__Exercise__
From the line with "32K, or 64K" to the line with "Bus Selector7/3 ->", retype every line exactly, including those two, and leave out the rest of the data below.

(Stored dataset items)
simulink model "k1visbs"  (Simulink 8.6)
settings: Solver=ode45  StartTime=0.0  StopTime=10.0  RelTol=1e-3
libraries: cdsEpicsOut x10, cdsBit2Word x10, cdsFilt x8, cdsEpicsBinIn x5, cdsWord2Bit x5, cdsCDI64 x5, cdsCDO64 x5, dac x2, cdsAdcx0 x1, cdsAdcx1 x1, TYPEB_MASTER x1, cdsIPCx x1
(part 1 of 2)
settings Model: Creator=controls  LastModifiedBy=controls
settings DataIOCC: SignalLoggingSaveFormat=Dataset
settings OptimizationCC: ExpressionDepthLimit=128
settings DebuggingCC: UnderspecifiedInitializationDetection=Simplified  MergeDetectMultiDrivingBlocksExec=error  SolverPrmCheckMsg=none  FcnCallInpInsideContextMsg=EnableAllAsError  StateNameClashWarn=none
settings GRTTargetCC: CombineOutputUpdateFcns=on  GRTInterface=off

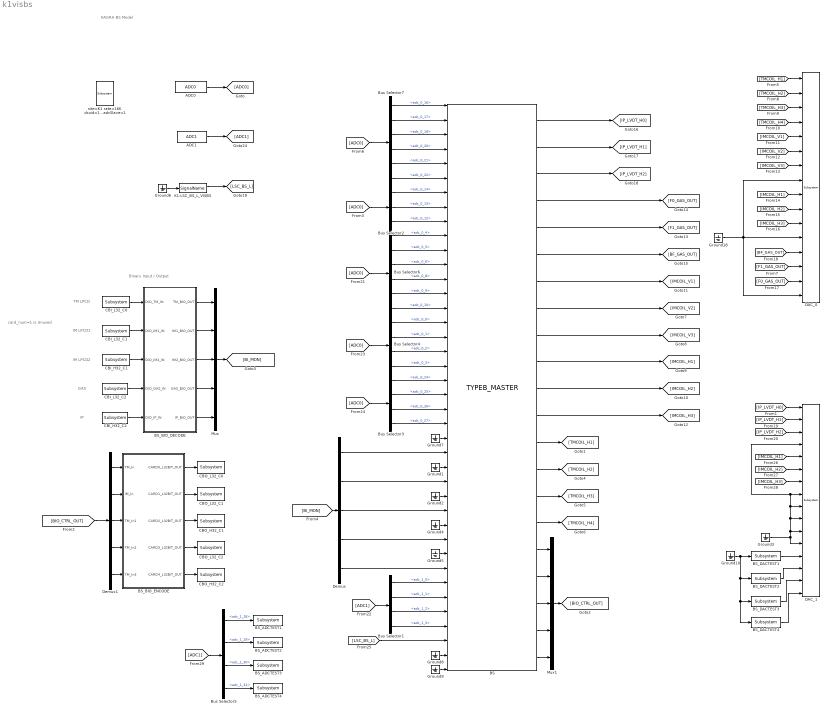
== system k1visbs ==
  note: TM LPCD
  note: KAGRA BS Model
  note: Binary Input / Output
  note: card_num=1 is Unused
  note: IM LPCD1
  note: IM LPCD2
  note: GAS
  note: IP
  ADC0 : cdsAdcx0/ADC0  Tag=cdsAdc  Description=|
      | type-GSC_16AI64SSA
      | card_num=0
      settings: AttributesFormatString=%<Description>\n%<Tag>
  ADC1 : cdsAdcx1/ADC1  Tag=cdsAdc  Description=|
      | type-GSC_16AI64SSA
      | card_num=1
      settings: AttributesFormatString=%<Description>\n%<Tag>
  BS : TYPEB_MASTER/TYPEB_MASTER
  BS_ADCTEST1 : cdsFilt/Subsystem  Tag=cdsFilt  Description=|
      | Purpose:                                                                                                                                                                                                                                  
      | Standard CDS IIR filter module.                                                                                                                                                                                                           
      |                                                                                                                                                                                                                                           
      | Operation:                                                                                                                                                                                                                                
      | Consists of 10 second order section IIR filters, plus a ramped gain stage. In FE code, also provides pre-defined test points and excitation channel inputs. The filter coefficients are defined in the LIGO system using the 'foton' tool.
      |                                                                                                                                                                                                                                           
      | Usage:                                                                                                                                                                                                                                    
      | Name the part with the desired filter module name.
      settings: AttributesFormatString=%<Tag>
  BS_ADCTEST2 : cdsFilt/Subsystem  Tag=cdsFilt  Description=|
      | Purpose:                                                                                                                                                                                                                                  
      | Standard CDS IIR filter module.                                                                                                                                                                                                           
      |                                                                                                                                                                                                                                           
      | Operation:                                                                                                                                                                                                                                
      | Consists of 10 second order section IIR filters, plus a ramped gain stage. In FE code, also provides pre-defined test points and excitation channel inputs. The filter coefficients are defined in the LIGO system using the 'foton' tool.
      |                                                                                                                                                                                                                                           
      | Usage:                                                                                                                                                                                                                                    
      | Name the part with the desired filter module name.
      settings: AttributesFormatString=%<Tag>
  BS_ADCTEST3 : cdsFilt/Subsystem  Tag=cdsFilt  Description=|
      | Purpose:                                                                                                                                                                                                                                  
      | Standard CDS IIR filter module.                                                                                                                                                                                                           
      |                                                                                                                                                                                                                                           
      | Operation:                                                                                                                                                                                                                                
      | Consists of 10 second order section IIR filters, plus a ramped gain stage. In FE code, also provides pre-defined test points and excitation channel inputs. The filter coefficients are defined in the LIGO system using the 'foton' tool.
      |                                                                                                                                                                                                                                           
      | Usage:                                                                                                                                                                                                                                    
      | Name the part with the desired filter module name.
      settings: AttributesFormatString=%<Tag>
  BS_ADCTEST4 : cdsFilt/Subsystem  Tag=cdsFilt  Description=|
      | Purpose:                                                                                                                                                                                                                                  
      | Standard CDS IIR filter module.                                                                                                                                                                                                           
      |                                                                                                                                                                                                                                           
      | Operation:                                                                                                                                                                                                                                
      | Consists of 10 second order section IIR filters, plus a ramped gain stage. In FE code, also provides pre-defined test points and excitation channel inputs. The filter coefficients are defined in the LIGO system using the 'foton' tool.
      |                                                                                                                                                                                                                                           
      | Usage:                                                                                                                                                                                                                                    
      | Name the part with the desired filter module name.
      settings: AttributesFormatString=%<Tag>
  BS_BIO_DECODE : Subsystem
  BS_BIO_ENCODE : Subsystem
  BS_DACTEST1 : cdsFilt/Subsystem  Tag=cdsFilt  Description=|
      | Purpose:                                                                                                                                                                                                                                  
      | Standard CDS IIR filter module.                                                                                                                                                                                                           
      |                                                                                                                                                                                                                                           
      | Operation:                                                                                                                                                                                                                                
      | Consists of 10 second order section IIR filters, plus a ramped gain stage. In FE code, also provides pre-defined test points and excitation channel inputs. The filter coefficients are defined in the LIGO system using the 'foton' tool.
      |                                                                                                                                                                                                                                           
      | Usage:                                                                                                                                                                                                                                    
      | Name the part with the desired filter module name.
      settings: AttributesFormatString=%<Tag>
  BS_DACTEST2 : cdsFilt/Subsystem  Tag=cdsFilt  Description=|
      | Purpose:                                                                                                                                                                                                                                  
      | Standard CDS IIR filter module.                                                                                                                                                                                                           
      |                                                                                                                                                                                                                                           
      | Operation:                                                                                                                                                                                                                                
      | Consists of 10 second order section IIR filters, plus a ramped gain stage. In FE code, also provides pre-defined test points and excitation channel inputs. The filter coefficients are defined in the LIGO system using the 'foton' tool.
      |                                                                                                                                                                                                                                           
      | Usage:                                                                                                                                                                                                                                    
      | Name the part with the desired filter module name.
      settings: AttributesFormatString=%<Tag>
  BS_DACTEST3 : cdsFilt/Subsystem  Tag=cdsFilt  Description=|
      | Purpose:                                                                                                                                                                                                                                  
      | Standard CDS IIR filter module.                                                                                                                                                                                                           
      |                                                                                                                                                                                                                                           
      | Operation:                                                                                                                                                                                                                                
      | Consists of 10 second order section IIR filters, plus a ramped gain stage. In FE code, also provides pre-defined test points and excitation channel inputs. The filter coefficients are defined in the LIGO system using the 'foton' tool.
      |                                                                                                                                                                                                                                           
      | Usage:                                                                                                                                                                                                                                    
      | Name the part with the desired filter module name.
      settings: AttributesFormatString=%<Tag>
  BS_DACTEST4 : cdsFilt/Subsystem  Tag=cdsFilt  Description=|
      | Purpose:                                                                                                                                                                                                                                  
      | Standard CDS IIR filter module.                                                                                                                                                                                                           
      |                                                                                                                                                                                                                                           
      | Operation:                                                                                                                                                                                                                                
      | Consists of 10 second order section IIR filters, plus a ramped gain stage. In FE code, also provides pre-defined test points and excitation channel inputs. The filter coefficients are defined in the LIGO system using the 'foton' tool.
      |                                                                                                                                                                                                                                           
      | Usage:                                                                                                                                                                                                                                    
      | Name the part with the desired filter module name.
      settings: AttributesFormatString=%<Tag>
  Bus Selector1 : BusSelector  Description=ADC Selector  OutputSignals=adc_1_0,adc_1_1,adc_1_2,adc_1_3
      settings: AttributesFormatString=%<Description>
  Bus Selector2 : BusSelector  Description=ADC Selector  OutputSignals=adc_0_14,adc_0_13,adc_0_12
      settings: AttributesFormatString=%<Description>
  Bus Selector3 : BusSelector  Description=ADC Selector  OutputSignals=adc_0_24,adc_0_25,adc_0_26,adc_0_27
      settings: AttributesFormatString=%<Description>
  Bus Selector4 : BusSelector  Description=ADC Selector  OutputSignals=adc_0_0,adc_0_1,adc_0_2,adc_0_3
      settings: AttributesFormatString=%<Description>
  Bus Selector5 : BusSelector  Description=ADC Selector  OutputSignals=adc_1_28,adc_1_29,adc_1_30,adc_1_31
      settings: AttributesFormatString=%<Description>
  Bus Selector6 : BusSelector  Description=ADC Selector  OutputSignals=adc_0_4,adc_0_5,adc_0_6,adc_0_8,adc_0_9,adc_0_10
      settings: AttributesFormatString=%<Description>
  Bus Selector7 : BusSelector  Description=ADC Selector  OutputSignals=adc_0_16,adc_0_17,adc_0_18,adc_0_20,adc_0_21,adc_0_22
      settings: AttributesFormatString=%<Description>
  CBI_H32_C1 : cdsCDI64/Subsystem  Tag=cdsCDI64  Description=card_num=3
      settings: AttributesFormatString=%<Tag>\n%<Description>
  CBI_H32_C2 : cdsCDI64/Subsystem  Tag=cdsCDI64  Description=card_num=5
      settings: AttributesFormatString=%<Tag>\n%<Description>
  CBI_L32_C0 : cdsCDI64/Subsystem  Tag=cdsCDI64  Description=card_num=0
      settings: AttributesFormatString=%<Tag>\n%<Description>
  CBI_L32_C1 : cdsCDI64/Subsystem  Tag=cdsCDI64  Description=card_num=2
      settings: AttributesFormatString=%<Tag>\n%<Description>
  CBI_L32_C2 : cdsCDI64/Subsystem  Tag=cdsCDI64  Description=card_num=4
      settings: AttributesFormatString=%<Tag>\n%<Description>
  CBO_H32_C1 : cdsCDO64/Subsystem  Tag=cdsCDO64  Description=card_num=3
      settings: AttributesFormatString=%<Tag>\n%<Description>
  CBO_H32_C2 : cdsCDO64/Subsystem  Tag=cdsCDO64  Description=card_num=5
      settings: AttributesFormatString=%<Tag>\n%<Description>
  CBO_L32_C0 : cdsCDO64/Subsystem  Tag=cdsCDO64  Description=card_num=0
      settings: AttributesFormatString=%<Tag>\n%<Description>
  CBO_L32_C1 : cdsCDO64/Subsystem  Tag=cdsCDO64  Description=card_num=2
      settings: AttributesFormatString=%<Tag>\n%<Description>
  CBO_L32_C2 : cdsCDO64/Subsystem  Tag=cdsCDO64  Description=card_num=4
      settings: AttributesFormatString=%<Tag>\n%<Description>
  DAC_0 : dac/Subsystem  Description=|
      | type=GSC_16AO16,
      | card_num=0
      settings: AttributesFormatString=%<Description>
  DAC_1 : dac/Subsystem  Description=|
      | type=GSC_16AO16,
      | card_num=1
      settings: AttributesFormatString=%<Description>
  Demux : Demux  Outputs=5
  Demux1 : Demux  Outputs=5
  Ground{1..10,18} (11 alike) : Ground
  K1:LSC_BS_L_VISBS : cdsIPCx/SignalName  Tag=cdsIPCx_PCIE  Description=Inter-Process Communication via PCI Express network.
      settings: AttributesFormatString=%<Tag>
  Mux : Mux  Inputs=5
  Mux1 : Mux  Inputs=5
  site=K1 rate=16K dcuid=1096 host=k1bs specific_cpu=4 adcSlave=1 : cdsParameters/Subsystem  Tag=cdsParameters  Description=|
      | Purpose:                                                                                                                                                                                                                                
      | Provide system parameters to the FE code generator to properly configure the generated EPICS names, rep rate of the FE controller, and the Data Acquisition node ID for proper storage of data from this FE controller.                 
      |                                                                                                                                                                                                                                         
      | Useage:                                                                                                                                                                                                                                 
      | The part NAME field is used to identify the FE parameters. It must be of the form:                                                                                                                                                      
      | site=                                                                                                                                                                                                                                   
      | rate=                                                                                                                                                                                                                                   
      | dcuid=                                                                                                                                                                                                                                  
      |                                                                                                                                                                                                                                         
      | Where:                                                                                                                                                                                                                                  
      | site= argument may be H1, H2, L1, M1, G1, either as a single argument or multiple, for example site=H1,H2. These are the only names allowed. These will become the first two characters of all EPICS and signal names (for example G1:).
      |                                                                                                                                                                                                                                         
      | rate= may be 2K, 16K, 32K, or 64K                                                                                                                                                                                                       
      |                                                                                                                                                                                                                                         
      | dcuid= is site specific ie it must be unique at each site.
      settings: AttributesFormatString=%<Tag>
  wires:
  BS/4 -> [F0_GAS_OUT]
  BS/5 -> [F1_GAS_OUT]
  BS/6 -> [BF_GAS_OUT]
  ADC0/1 -> [ADC0]
  [ADC0] -> Bus Selector6/1
  [ADC0] -> Bus Selector3/1
  [ADC0] -> Bus Selector7/1
  BS/16 -> [TMCOIL_H4]
  BS/15 -> [TMCOIL_H3]
  BS/14 -> [TMCOIL_H2]
  BS/13 -> [TMCOIL_H1]
  BS/7 -> [IMCOIL_V1]
  BS/8 -> [IMCOIL_V2]
  BS/9 -> [IMCOIL_V3]
  BS/10 -> [IMCOIL_H1]
  BS/11 -> [IMCOIL_H2]
  BS/12 -> [IMCOIL_H3]
  ADC1/1 -> [ADC1]
  Ground3/1 -> DAC_1/12, DAC_1/4, DAC_1/8, DAC_1/9, DAC_1/10, DAC_1/11
  [ADC0] -> Bus Selector2/1
  Bus Selector2/2 -> BS/8  "<adc_0_13>"
  Bus Selector2/3 -> BS/9  "<adc_0_12>"
  Bus Selector7/1 -> BS/1  "<adc_0_16>"
  Bus Selector7/2 -> BS/2  "<adc_0_17>"
  Bus Selector7/3 -> BS/3  "<adc_0_18>"
  Bus Selector7/4 -> BS/4  "<adc_0_20>"
  Bus Selector7/5 -> BS/5  "<adc_0_21>"
  Bus Selector7/6 -> BS/6  "<adc_0_22>"
  Ground7/1 -> BS/24
  BS_BIO_ENCODE/1(CARD0_L32BIT_OUT) -> CBO_L32_C0/1
  BS_BIO_ENCODE/3(CARD2_L32BIT_OUT) -> CBO_H32_C1/1
  BS_BIO_ENCODE/2(CARD1_L32BIT_OUT) -> CBO_L32_C1/1
  BS_BIO_ENCODE/4(CARD3_L32BIT_OUT) -> CBO_L32_C2/1
  CBI_L32_C0/1 -> BS_BIO_DECODE/1(DIO_TM_IN)
  CBI_L32_C1/1 -> BS_BIO_DECODE/2(DIO_IM1_IN)
  CBI_H32_C1/1 -> BS_BIO_DECODE/3(DIO_IM2_IN)
  CBI_L32_C2/1 -> BS_BIO_DECODE/4(DIO_GAS_IN)
  BS/21 -> Mux1/5
  BS_BIO_DECODE/2(IM1_BIO_OUT) -> Mux/2
  BS_BIO_DECODE/3(IM2_BIO_OUT) -> Mux/3
  BS_BIO_DECODE/4(GAS_BIO_OUT) -> Mux/4
  BS_BIO_DECODE/5(IP_BIO_OUT) -> Mux/5
  BS_BIO_DECODE/1(TM_BIO_OUT) -> Mux/1
  Mux/1 -> [BI_MON]
  Demux/1 -> BS/25
  [BI_MON] -> Demux/1
  Demux/4 -> BS/31
  Demux/3 -> BS/29
  Demux/2 -> BS/27
  Ground1/1 -> BS/26
  Ground2/1 -> BS/28
  Ground4/1 -> BS/30
  Mux1/1 -> [BIO_CTRL_OUT]
  BS/17 -> Mux1/1
  BS/18 -> Mux1/2
  BS/19 -> Mux1/3
  BS/20 -> Mux1/4
  Demux1/2 -> BS_BIO_ENCODE/2(IM_In)
  Demux1/3 -> BS_BIO_ENCODE/3(TM_In1)
  Demux1/4 -> BS_BIO_ENCODE/4(TM_In2)
  Demux1/1 -> BS_BIO_ENCODE/1(TM_In)
  [BIO_CTRL_OUT] -> Demux1/1
  CBI_H32_C2/1 -> BS_BIO_DECODE/5(DIO_IP_IN)
  BS_BIO_ENCODE/5(CARD4_L32BIT_OUT) -> CBO_H32_C2/1
  Demux1/5 -> BS_BIO_ENCODE/5(TM_In3)
  Ground18/1 -> DAC_0/8, DAC_0/16, DAC_0/12
  [F1_GAS_OUT] -> DAC_0/14
  [F0_GAS_OUT] -> DAC_0/15
  [BF_GAS_OUT] -> DAC_0/13
  BS/2 -> [IP_LVDT_H1]
  BS/1 -> [IP_LVDT_H0]
  BS/3 -> [IP_LVDT_H2]
  [IP_LVDT_H0] -> DAC_1/1
  [IP_LVDT_H1] -> DAC_1/2
  [IP_LVDT_H2] -> DAC_1/3
  Bus Selector2/1 -> BS/7  "<adc_0_14>"
  [ADC1] -> Bus Selector1/1
  Bus Selector3/1 -> BS/20  "<adc_0_24>"
  Bus Selector3/2 -> BS/21  "<adc_0_25>"
  Bus Selector3/3 -> BS/22  "<adc_0_26>"
  Bus Selector3/4 -> BS/23  "<adc_0_27>"
  [ADC0] -> Bus Selector4/1
  Bus Selector6/1 -> BS/10  "<adc_0_4>"
  Bus Selector6/2 -> BS/11  "<adc_0_5>"
  Bus Selector6/3 -> BS/12  "<adc_0_6>"
  Bus Selector4/1 -> BS/16  "<adc_0_0>"
  Bus Selector4/2 -> BS/17  "<adc_0_1>"
  Bus Selector4/3 -> BS/18  "<adc_0_2>"
  Bus Selector4/4 -> BS/19  "<adc_0_3>"
  [TMCOIL_H2] -> DAC_0/2
  [TMCOIL_H3] -> DAC_0/3
  [TMCOIL_H1] -> DAC_0/1
  [TMCOIL_H4] -> DAC_0/4
  [IMCOIL_V1] -> DAC_0/5
  [IMCOIL_V2] -> DAC_0/6
  [IMCOIL_V3] -> DAC_0/7
  Bus Selector6/4 -> BS/13  "<adc_0_8>"
  Bus Selector6/5 -> BS/14  "<adc_0_9>"
  Bus Selector6/6 -> BS/15  "<adc_0_10>"
  [IMCOIL_H3] -> DAC_0/11
  [IMCOIL_H2] -> DAC_0/10
  [IMCOIL_H1] -> DAC_0/9
  Bus Selector1/1 -> BS/34  "<adc_1_0>"
  Bus Selector1/2 -> BS/35  "<adc_1_1>"
  Bus Selector1/3 -> BS/36  "<adc_1_2>"
  Bus Selector1/4 -> BS/37  "<adc_1_3>"
  Demux/5 -> BS/33
  Ground5/1 -> BS/32
  Ground6/1 -> K1:LSC_BS_L_VISBS/1
  K1:LSC_BS_L_VISBS/1 -> [LSC_BS_L]
  [LSC_BS_L] -> BS/38
  Ground8/1 -> BS/39
  Ground9/1 -> BS/40
  [IMCOIL_H3] -> DAC_1/7
  [IMCOIL_H2] -> DAC_1/6
  [IMCOIL_H1] -> DAC_1/5
  BS_DACTEST3/1 -> DAC_1/15
  BS_DACTEST4/1 -> DAC_1/16
  BS_DACTEST2/1 -> DAC_1/14
  BS_DACTEST1/1 -> DAC_1/13
  Ground10/1 -> BS_DACTEST4/1, BS_DACTEST3/1, BS_DACTEST2/1, BS_DACTEST1/1
  [ADC1] -> Bus Selector5/1
  Bus Selector5/1 -> BS_ADCTEST1/1  "<adc_1_28>"
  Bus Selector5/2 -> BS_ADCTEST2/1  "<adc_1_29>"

__Task solution__
      | rate= may be 2K, 16K, 32K, or 64K                                                                                                                                                                                                       
      |                                                                                                                                                                                                                                         
      | dcuid= is site specific ie it must be unique at each site.
      settings: AttributesFormatString=%<Tag>
  wires:
  BS/4 -> [F0_GAS_OUT]
  BS/5 -> [F1_GAS_OUT]
  BS/6 -> [BF_GAS_OUT]
  ADC0/1 -> [ADC0]
  [ADC0] -> Bus Selector6/1
  [ADC0] -> Bus Selector3/1
  [ADC0] -> Bus Selector7/1
  BS/16 -> [TMCOIL_H4]
  BS/15 -> [TMCOIL_H3]
  BS/14 -> [TMCOIL_H2]
  BS/13 -> [TMCOIL_H1]
  BS/7 -> [IMCOIL_V1]
  BS/8 -> [IMCOIL_V2]
  BS/9 -> [IMCOIL_V3]
  BS/10 -> [IMCOIL_H1]
  BS/11 -> [IMCOIL_H2]
  BS/12 -> [IMCOIL_H3]
  ADC1/1 -> [ADC1]
  Ground3/1 -> DAC_1/12, DAC_1/4, DAC_1/8, DAC_1/9, DAC_1/10, DAC_1/11
  [ADC0] -> Bus Selector2/1
  Bus Selector2/2 -> BS/8  "<adc_0_13>"
  Bus Selector2/3 -> BS/9  "<adc_0_12>"
  Bus Selector7/1 -> BS/1  "<adc_0_16>"
  Bus Selector7/2 -> BS/2  "<adc_0_17>"
  Bus Selector7/3 -> BS/3  "<adc_0_18>"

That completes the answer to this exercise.